What is expected: Look through the entries. Copy each line that has the word "settings".

(Source records)
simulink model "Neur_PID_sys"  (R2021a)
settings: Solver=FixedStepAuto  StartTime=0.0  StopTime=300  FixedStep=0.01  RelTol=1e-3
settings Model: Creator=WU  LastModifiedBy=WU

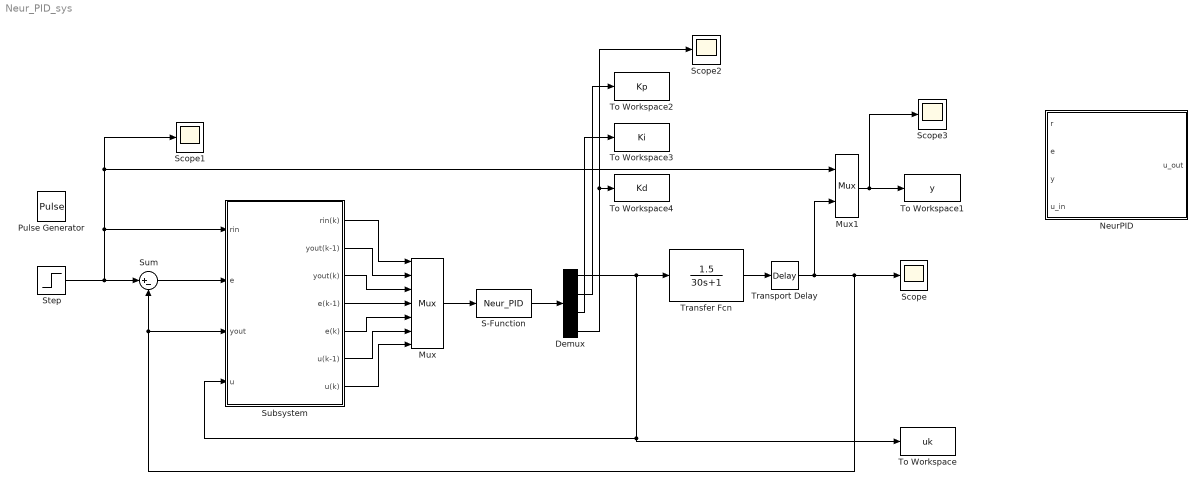
== system Neur_PID_sys ==
  Demux : Demux
  Mux : Mux  Inputs=7
  Mux1 : Mux  Inputs=2
  NeurPID : Subsystem
  Pulse Generator : DiscretePulseGenerator  PulseType=Time based  Period=10  PulseWidth=5
  S-Function : S-Function  FunctionName=Neur_PID  SFunctionDeploymentMode=off  EnableBusSupport=off
  Scope{,1..3} (4 alike) : Scope
  Step : Step  SampleTime=0  ZeroCross=off
  Subsystem : Subsystem
  Sum : Sum  Inputs=|+-
  To Workspace : ToWorkspace  VariableName=uk  SaveFormat=Structure With Time  SampleTime=-1
  To Workspace1 : ToWorkspace  VariableName=y  SaveFormat=Structure With Time  SampleTime=-1
  To Workspace2 : ToWorkspace  VariableName=Kp  SaveFormat=Structure With Time  SampleTime=-1
  To Workspace3 : ToWorkspace  VariableName=Ki  SaveFormat=Structure With Time  SampleTime=-1
  To Workspace4 : ToWorkspace  VariableName=Kd  SaveFormat=Structure With Time  SampleTime=-1
  Transfer Fcn : TransferFcn  Numerator=[1.5]  Denominator=[30 1]
  Transport Delay : TransportDelay  DelayTime=10  BufferSize=100000
  wires:
  Demux/2 -> To Workspace2/1
  Subsystem/6(u(k-1)) -> Mux/6
  Demux/3 -> To Workspace3/1
  Step/1 -> Scope1/1, Mux1/1, Subsystem/1(rin), Sum/1
  Transfer Fcn/1 -> Transport Delay/1
  Mux1/1 -> Scope3/1, To Workspace1/1
  Sum/1 -> Subsystem/2(e)
  Transport Delay/1 -> Mux1/2, Scope/1, Subsystem/3(yout), Sum/2
  Subsystem/1(rin(k)) -> Mux/1
  Subsystem/3(yout(k)) -> Mux/3
  Subsystem/5(e(k)) -> Mux/5
  Subsystem/4(e(k-1)) -> Mux/4
  Demux/1 -> Subsystem/4(u), To Workspace/1, Transfer Fcn/1
  S-Function/1 -> Demux/1
  Demux/4 -> Scope2/1, To Workspace4/1
  Subsystem/2(yout(k-1)) -> Mux/2
  Mux/1 -> S-Function/1
  Subsystem/7(u(k)) -> Mux/7

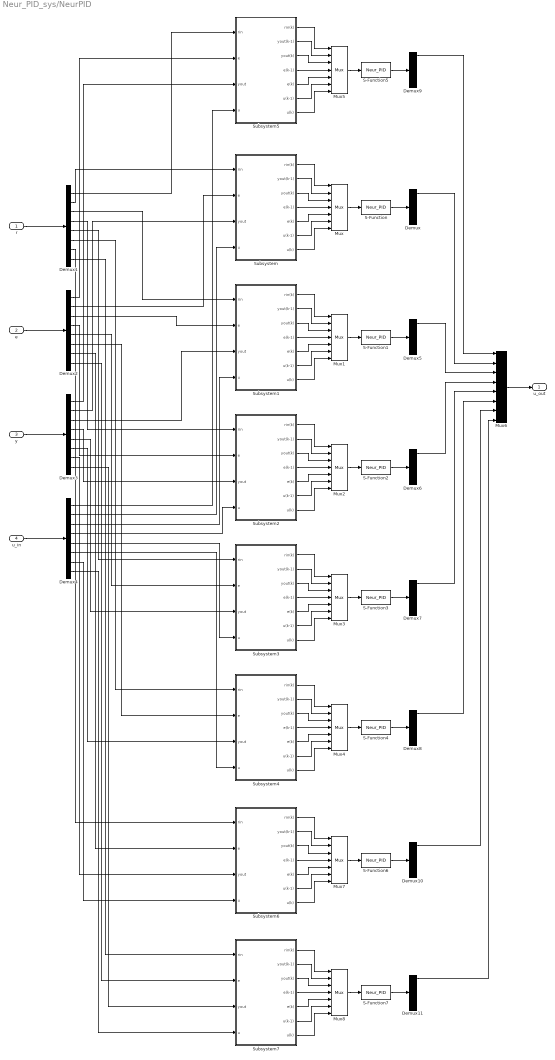
== system Neur_PID_sys/NeurPID ==
  r : Inport
  e : Inport  Port=2
  y : Inport  Port=3
  u_in : Inport  Port=4
  Demux{,5..11} (8 alike) : Demux
      settings: DisplayOption=none
  Demux{1..4} (4 alike) : Demux  Outputs=8
      settings: DisplayOption=none
  Mux{,1..5,7..8} (8 alike) : Mux  Inputs=7
  Mux6 : Mux  Inputs=8
  S-Function{,1..7} (8 alike) : S-Function  FunctionName=Neur_PID  SFunctionDeploymentMode=off  EnableBusSupport=off
  Subsystem : Subsystem
  Subsystem1 : Subsystem
  Subsystem2 : Subsystem
  Subsystem3 : Subsystem
  Subsystem4 : Subsystem
  Subsystem5 : Subsystem
  Subsystem6 : Subsystem
  Subsystem7 : Subsystem
  u_out : Outport
  wires:
  Mux/1 -> S-Function/1
  Subsystem/5(e(k)) -> Mux/5
  S-Function/1 -> Demux/1
  Subsystem/7(u(k)) -> Mux/7
  Subsystem/3(yout(k)) -> Mux/3
  Subsystem/1(rin(k)) -> Mux/1
  Subsystem/6(u(k-1)) -> Mux/6
  Subsystem/4(e(k-1)) -> Mux/4
  Subsystem/2(yout(k-1)) -> Mux/2
  r/1 -> Demux1/1
  e/1 -> Demux2/1
  y/1 -> Demux3/1
  u_in/1 -> Demux4/1
  Subsystem1/4(e(k-1)) -> Mux1/4
  Subsystem1/6(u(k-1)) -> Mux1/6
  Subsystem1/3(yout(k)) -> Mux1/3
  S-Function1/1 -> Demux5/1
  Mux1/1 -> S-Function1/1
  Subsystem1/1(rin(k)) -> Mux1/1
  Subsystem1/7(u(k)) -> Mux1/7
  Subsystem1/5(e(k)) -> Mux1/5
  Subsystem1/2(yout(k-1)) -> Mux1/2
  Subsystem2/4(e(k-1)) -> Mux2/4
  Subsystem2/6(u(k-1)) -> Mux2/6
  Subsystem2/3(yout(k)) -> Mux2/3
  S-Function2/1 -> Demux6/1
  Mux2/1 -> S-Function2/1
  Subsystem2/1(rin(k)) -> Mux2/1
  Subsystem2/7(u(k)) -> Mux2/7
  Subsystem2/5(e(k)) -> Mux2/5
  Subsystem2/2(yout(k-1)) -> Mux2/2
  Subsystem3/4(e(k-1)) -> Mux3/4
  Subsystem3/6(u(k-1)) -> Mux3/6
  Subsystem3/3(yout(k)) -> Mux3/3
  S-Function3/1 -> Demux7/1
  Mux3/1 -> S-Function3/1
  Subsystem3/1(rin(k)) -> Mux3/1
  Subsystem3/7(u(k)) -> Mux3/7
  Subsystem3/5(e(k)) -> Mux3/5
  Subsystem3/2(yout(k-1)) -> Mux3/2
  Subsystem4/4(e(k-1)) -> Mux4/4
  Subsystem4/6(u(k-1)) -> Mux4/6
  Subsystem4/3(yout(k)) -> Mux4/3
  S-Function4/1 -> Demux8/1
  Mux4/1 -> S-Function4/1
  Subsystem4/1(rin(k)) -> Mux4/1
  Subsystem4/7(u(k)) -> Mux4/7
  Subsystem4/5(e(k)) -> Mux4/5
  Subsystem4/2(yout(k-1)) -> Mux4/2
  Subsystem5/4(e(k-1)) -> Mux5/4
  Subsystem5/6(u(k-1)) -> Mux5/6
  Subsystem5/3(yout(k)) -> Mux5/3
  S-Function5/1 -> Demux9/1
  Mux5/1 -> S-Function5/1
  Subsystem5/1(rin(k)) -> Mux5/1
  Subsystem5/7(u(k)) -> Mux5/7
  Subsystem5/5(e(k)) -> Mux5/5
  Subsystem5/2(yout(k-1)) -> Mux5/2
  Demux1/1 -> Subsystem5/1(rin)
  Demux1/2 -> Subsystem/1(rin)
  Demux1/3 -> Subsystem1/1(rin)
  Demux1/4 -> Subsystem2/1(rin)
  Demux1/5 -> Subsystem3/1(rin)
  Demux1/6 -> Subsystem4/1(rin)
  Demux2/1 -> Subsystem5/2(e)
  Demux2/2 -> Subsystem/2(e)
  Demux2/3 -> Subsystem1/2(e)
  Demux2/4 -> Subsystem2/2(e)
  Demux2/5 -> Subsystem3/2(e)
  Demux2/6 -> Subsystem4/2(e)
  Demux3/1 -> Subsystem5/3(yout)
  Demux3/2 -> Subsystem/3(yout)
  Demux3/3 -> Subsystem1/3(yout)
  Demux3/4 -> Subsystem2/3(yout)
  Demux3/5 -> Subsystem3/3(yout)
  Demux3/6 -> Subsystem4/3(yout)
  Demux4/1 -> Subsystem5/4(u)
  Demux4/2 -> Subsystem/4(u)
  Demux4/3 -> Subsystem1/4(u)
  Demux4/4 -> Subsystem2/4(u)
  Demux4/5 -> Subsystem3/4(u)
  Demux4/6 -> Subsystem4/4(u)
  Mux6/1 -> u_out/1
  Demux9/1 -> Mux6/1
  Demux/1 -> Mux6/2
  Demux5/1 -> Mux6/3
  Demux6/1 -> Mux6/4
  Demux7/1 -> Mux6/5
  Demux8/1 -> Mux6/6
  Mux7/1 -> S-Function6/1
  Subsystem6/5(e(k)) -> Mux7/5
  Subsystem6/6(u(k-1)) -> Mux7/6
  Subsystem6/2(yout(k-1)) -> Mux7/2
  Subsystem6/3(yout(k)) -> Mux7/3
  Subsystem6/7(u(k)) -> Mux7/7
  Subsystem6/4(e(k-1)) -> Mux7/4
  S-Function6/1 -> Demux10/1
  Subsystem6/1(rin(k)) -> Mux7/1
  Mux8/1 -> S-Function7/1
  Subsystem7/5(e(k)) -> Mux8/5
  Subsystem7/6(u(k-1)) -> Mux8/6
  Subsystem7/2(yout(k-1)) -> Mux8/2
  Subsystem7/3(yout(k)) -> Mux8/3
  Subsystem7/7(u(k)) -> Mux8/7
  Subsystem7/4(e(k-1)) -> Mux8/4
  S-Function7/1 -> Demux11/1
  Subsystem7/1(rin(k)) -> Mux8/1
  Demux1/7 -> Subsystem6/1(rin)
  Demux2/7 -> Subsystem6/2(e)
  Demux3/7 -> Subsystem6/3(yout)
  Demux4/7 -> Subsystem6/4(u)
  Demux1/8 -> Subsystem7/1(rin)
  Demux2/8 -> Subsystem7/2(e)
  Demux3/8 -> Subsystem7/3(yout)
  Demux4/8 -> Subsystem7/4(u)
  Demux10/1 -> Mux6/7
  Demux11/1 -> Mux6/8

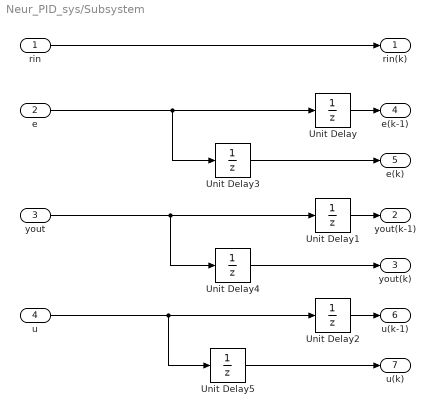
== system Neur_PID_sys/Subsystem ==
  rin : Inport
  e : Inport  Port=2
  yout : Inport  Port=3
  u : Inport  Port=4
  Unit Delay{,1..5} (6 alike) : UnitDelay  SampleTime=-1  HasFrameUpgradeWarning=on
  rin(k) : Outport
  yout(k-1) : Outport  Port=2
  yout(k) : Outport  Port=3
  e(k-1) : Outport  Port=4
  e(k) : Outport  Port=5
  u(k-1) : Outport  Port=6
  u(k) : Outport  Port=7
  wires:
  rin/1 -> rin(k)/1
  Unit Delay/1 -> e(k-1)/1
  Unit Delay1/1 -> yout(k-1)/1
  Unit Delay2/1 -> u(k-1)/1
  Unit Delay3/1 -> e(k)/1
  Unit Delay4/1 -> yout(k)/1
  Unit Delay5/1 -> u(k)/1
  e/1 -> Unit Delay/1, Unit Delay3/1
  yout/1 -> Unit Delay1/1, Unit Delay4/1
  u/1 -> Unit Delay2/1, Unit Delay5/1

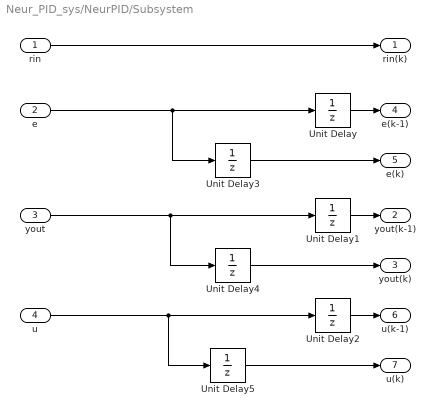
== system Neur_PID_sys/NeurPID/Subsystem ==
  rin : Inport
  e : Inport  Port=2
  yout : Inport  Port=3
  u : Inport  Port=4
  Unit Delay{,1..5} (6 alike) : UnitDelay  SampleTime=-1  HasFrameUpgradeWarning=on
  rin(k) : Outport
  yout(k-1) : Outport  Port=2
  yout(k) : Outport  Port=3
  e(k-1) : Outport  Port=4
  e(k) : Outport  Port=5
  u(k-1) : Outport  Port=6
  u(k) : Outport  Port=7
  wires:
  rin/1 -> rin(k)/1
  Unit Delay/1 -> e(k-1)/1
  Unit Delay1/1 -> yout(k-1)/1
  Unit Delay2/1 -> u(k-1)/1
  Unit Delay3/1 -> e(k)/1
  Unit Delay4/1 -> yout(k)/1
  Unit Delay5/1 -> u(k)/1
  e/1 -> Unit Delay/1, Unit Delay3/1
  yout/1 -> Unit Delay1/1, Unit Delay4/1
  u/1 -> Unit Delay2/1, Unit Delay5/1

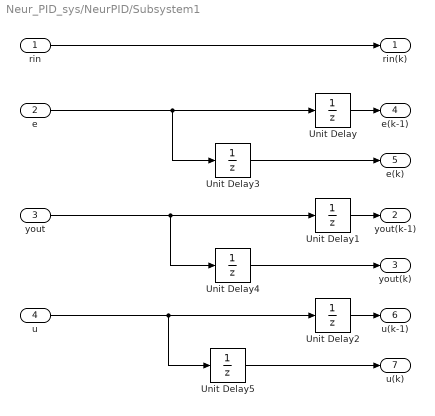
== system Neur_PID_sys/NeurPID/Subsystem1 ==
  rin : Inport
  e : Inport  Port=2
  yout : Inport  Port=3
  u : Inport  Port=4
  Unit Delay{,1..5} (6 alike) : UnitDelay  SampleTime=-1  HasFrameUpgradeWarning=on
  rin(k) : Outport
  yout(k-1) : Outport  Port=2
  yout(k) : Outport  Port=3
  e(k-1) : Outport  Port=4
  e(k) : Outport  Port=5
  u(k-1) : Outport  Port=6
  u(k) : Outport  Port=7
  wires:
  rin/1 -> rin(k)/1
  Unit Delay/1 -> e(k-1)/1
  Unit Delay1/1 -> yout(k-1)/1
  Unit Delay2/1 -> u(k-1)/1
  Unit Delay3/1 -> e(k)/1
  Unit Delay4/1 -> yout(k)/1
  Unit Delay5/1 -> u(k)/1
  e/1 -> Unit Delay/1, Unit Delay3/1
  yout/1 -> Unit Delay1/1, Unit Delay4/1
  u/1 -> Unit Delay2/1, Unit Delay5/1

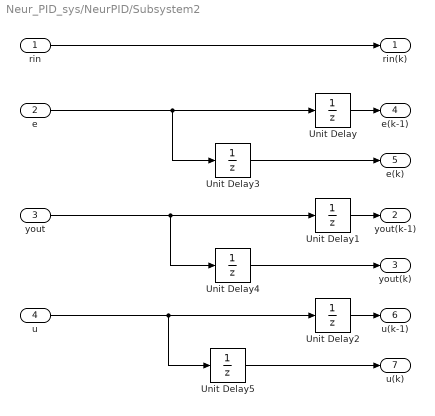
== system Neur_PID_sys/NeurPID/Subsystem2 ==
  rin : Inport
  e : Inport  Port=2
  yout : Inport  Port=3
  u : Inport  Port=4
  Unit Delay{,1..5} (6 alike) : UnitDelay  SampleTime=-1  HasFrameUpgradeWarning=on
  rin(k) : Outport
  yout(k-1) : Outport  Port=2
  yout(k) : Outport  Port=3
  e(k-1) : Outport  Port=4
  e(k) : Outport  Port=5
  u(k-1) : Outport  Port=6
  u(k) : Outport  Port=7
  wires:
  rin/1 -> rin(k)/1
  Unit Delay/1 -> e(k-1)/1
  Unit Delay1/1 -> yout(k-1)/1
  Unit Delay2/1 -> u(k-1)/1
  Unit Delay3/1 -> e(k)/1
  Unit Delay4/1 -> yout(k)/1
  Unit Delay5/1 -> u(k)/1
  e/1 -> Unit Delay/1, Unit Delay3/1
  yout/1 -> Unit Delay1/1, Unit Delay4/1
  u/1 -> Unit Delay2/1, Unit Delay5/1

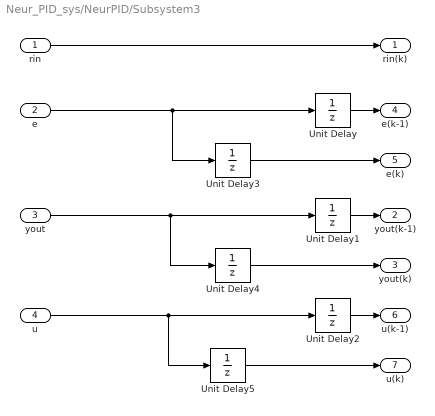
== system Neur_PID_sys/NeurPID/Subsystem3 ==
  rin : Inport
  e : Inport  Port=2
  yout : Inport  Port=3
  u : Inport  Port=4
  Unit Delay{,1..5} (6 alike) : UnitDelay  SampleTime=-1  HasFrameUpgradeWarning=on
  rin(k) : Outport
  yout(k-1) : Outport  Port=2
  yout(k) : Outport  Port=3
  e(k-1) : Outport  Port=4
  e(k) : Outport  Port=5
  u(k-1) : Outport  Port=6
  u(k) : Outport  Port=7
  wires:
  rin/1 -> rin(k)/1
  Unit Delay/1 -> e(k-1)/1
  Unit Delay1/1 -> yout(k-1)/1
  Unit Delay2/1 -> u(k-1)/1
  Unit Delay3/1 -> e(k)/1
  Unit Delay4/1 -> yout(k)/1
  Unit Delay5/1 -> u(k)/1
  e/1 -> Unit Delay/1, Unit Delay3/1
  yout/1 -> Unit Delay1/1, Unit Delay4/1
  u/1 -> Unit Delay2/1, Unit Delay5/1

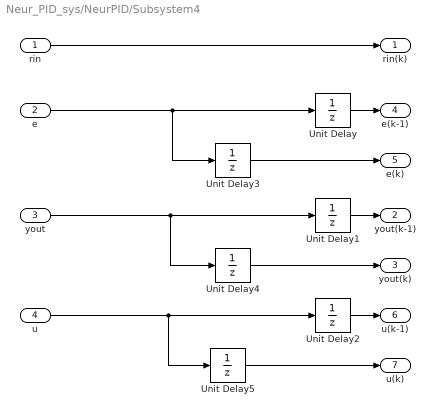
== system Neur_PID_sys/NeurPID/Subsystem4 ==
  rin : Inport
  e : Inport  Port=2
  yout : Inport  Port=3
  u : Inport  Port=4
  Unit Delay{,1..5} (6 alike) : UnitDelay  SampleTime=-1  HasFrameUpgradeWarning=on
  rin(k) : Outport
  yout(k-1) : Outport  Port=2
  yout(k) : Outport  Port=3
  e(k-1) : Outport  Port=4
  e(k) : Outport  Port=5
  u(k-1) : Outport  Port=6
  u(k) : Outport  Port=7
  wires:
  rin/1 -> rin(k)/1
  Unit Delay/1 -> e(k-1)/1
  Unit Delay1/1 -> yout(k-1)/1
  Unit Delay2/1 -> u(k-1)/1
  Unit Delay3/1 -> e(k)/1
  Unit Delay4/1 -> yout(k)/1
  Unit Delay5/1 -> u(k)/1
  e/1 -> Unit Delay/1, Unit Delay3/1
  yout/1 -> Unit Delay1/1, Unit Delay4/1
  u/1 -> Unit Delay2/1, Unit Delay5/1

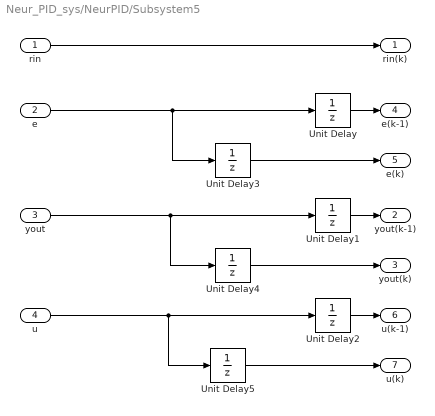
== system Neur_PID_sys/NeurPID/Subsystem5 ==
  rin : Inport
  e : Inport  Port=2
  yout : Inport  Port=3
  u : Inport  Port=4
  Unit Delay{,1..5} (6 alike) : UnitDelay  SampleTime=-1  HasFrameUpgradeWarning=on
  rin(k) : Outport
  yout(k-1) : Outport  Port=2
  yout(k) : Outport  Port=3
  e(k-1) : Outport  Port=4
  e(k) : Outport  Port=5
  u(k-1) : Outport  Port=6
  u(k) : Outport  Port=7
  wires:
  rin/1 -> rin(k)/1
  Unit Delay/1 -> e(k-1)/1
  Unit Delay1/1 -> yout(k-1)/1
  Unit Delay2/1 -> u(k-1)/1
  Unit Delay3/1 -> e(k)/1
  Unit Delay4/1 -> yout(k)/1
  Unit Delay5/1 -> u(k)/1
  e/1 -> Unit Delay/1, Unit Delay3/1
  yout/1 -> Unit Delay1/1, Unit Delay4/1
  u/1 -> Unit Delay2/1, Unit Delay5/1

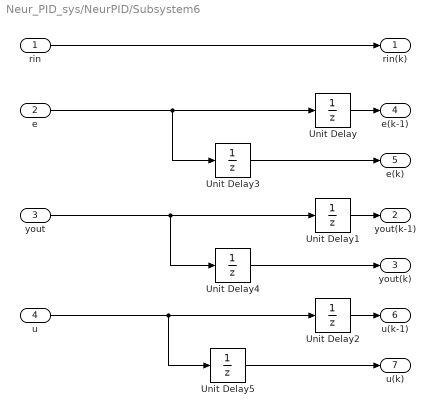
== system Neur_PID_sys/NeurPID/Subsystem6 ==
  rin : Inport
  e : Inport  Port=2
  yout : Inport  Port=3
  u : Inport  Port=4
  Unit Delay{,1..5} (6 alike) : UnitDelay  SampleTime=-1  HasFrameUpgradeWarning=on
  rin(k) : Outport
  yout(k-1) : Outport  Port=2
  yout(k) : Outport  Port=3
  e(k-1) : Outport  Port=4
  e(k) : Outport  Port=5
  u(k-1) : Outport  Port=6
  u(k) : Outport  Port=7
  wires:
  rin/1 -> rin(k)/1
  Unit Delay/1 -> e(k-1)/1
  Unit Delay1/1 -> yout(k-1)/1
  Unit Delay2/1 -> u(k-1)/1
  Unit Delay3/1 -> e(k)/1
  Unit Delay4/1 -> yout(k)/1
  Unit Delay5/1 -> u(k)/1
  e/1 -> Unit Delay/1, Unit Delay3/1
  yout/1 -> Unit Delay1/1, Unit Delay4/1
  u/1 -> Unit Delay2/1, Unit Delay5/1

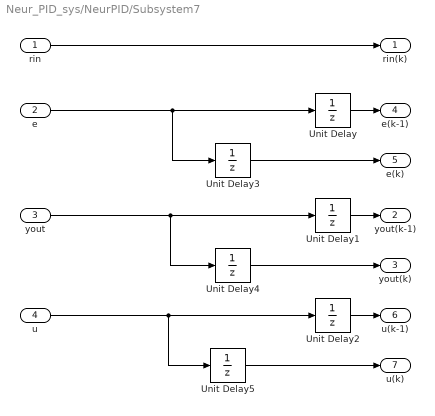
== system Neur_PID_sys/NeurPID/Subsystem7 ==
  rin : Inport
  e : Inport  Port=2
  yout : Inport  Port=3
  u : Inport  Port=4
  Unit Delay{,1..5} (6 alike) : UnitDelay  SampleTime=-1  HasFrameUpgradeWarning=on
  rin(k) : Outport
  yout(k-1) : Outport  Port=2
  yout(k) : Outport  Port=3
  e(k-1) : Outport  Port=4
  e(k) : Outport  Port=5
  u(k-1) : Outport  Port=6
  u(k) : Outport  Port=7
  wires:
  rin/1 -> rin(k)/1
  Unit Delay/1 -> e(k-1)/1
  Unit Delay1/1 -> yout(k-1)/1
  Unit Delay2/1 -> u(k-1)/1
  Unit Delay3/1 -> e(k)/1
  Unit Delay4/1 -> yout(k)/1
  Unit Delay5/1 -> u(k)/1
  e/1 -> Unit Delay/1, Unit Delay3/1
  yout/1 -> Unit Delay1/1, Unit Delay4/1
  u/1 -> Unit Delay2/1, Unit Delay5/1

Response below:
settings: Solver=FixedStepAuto  StartTime=0.0  StopTime=300  FixedStep=0.01  RelTol=1e-3
settings Model: Creator=WU  LastModifiedBy=WU
      settings: DisplayOption=none
      settings: DisplayOption=none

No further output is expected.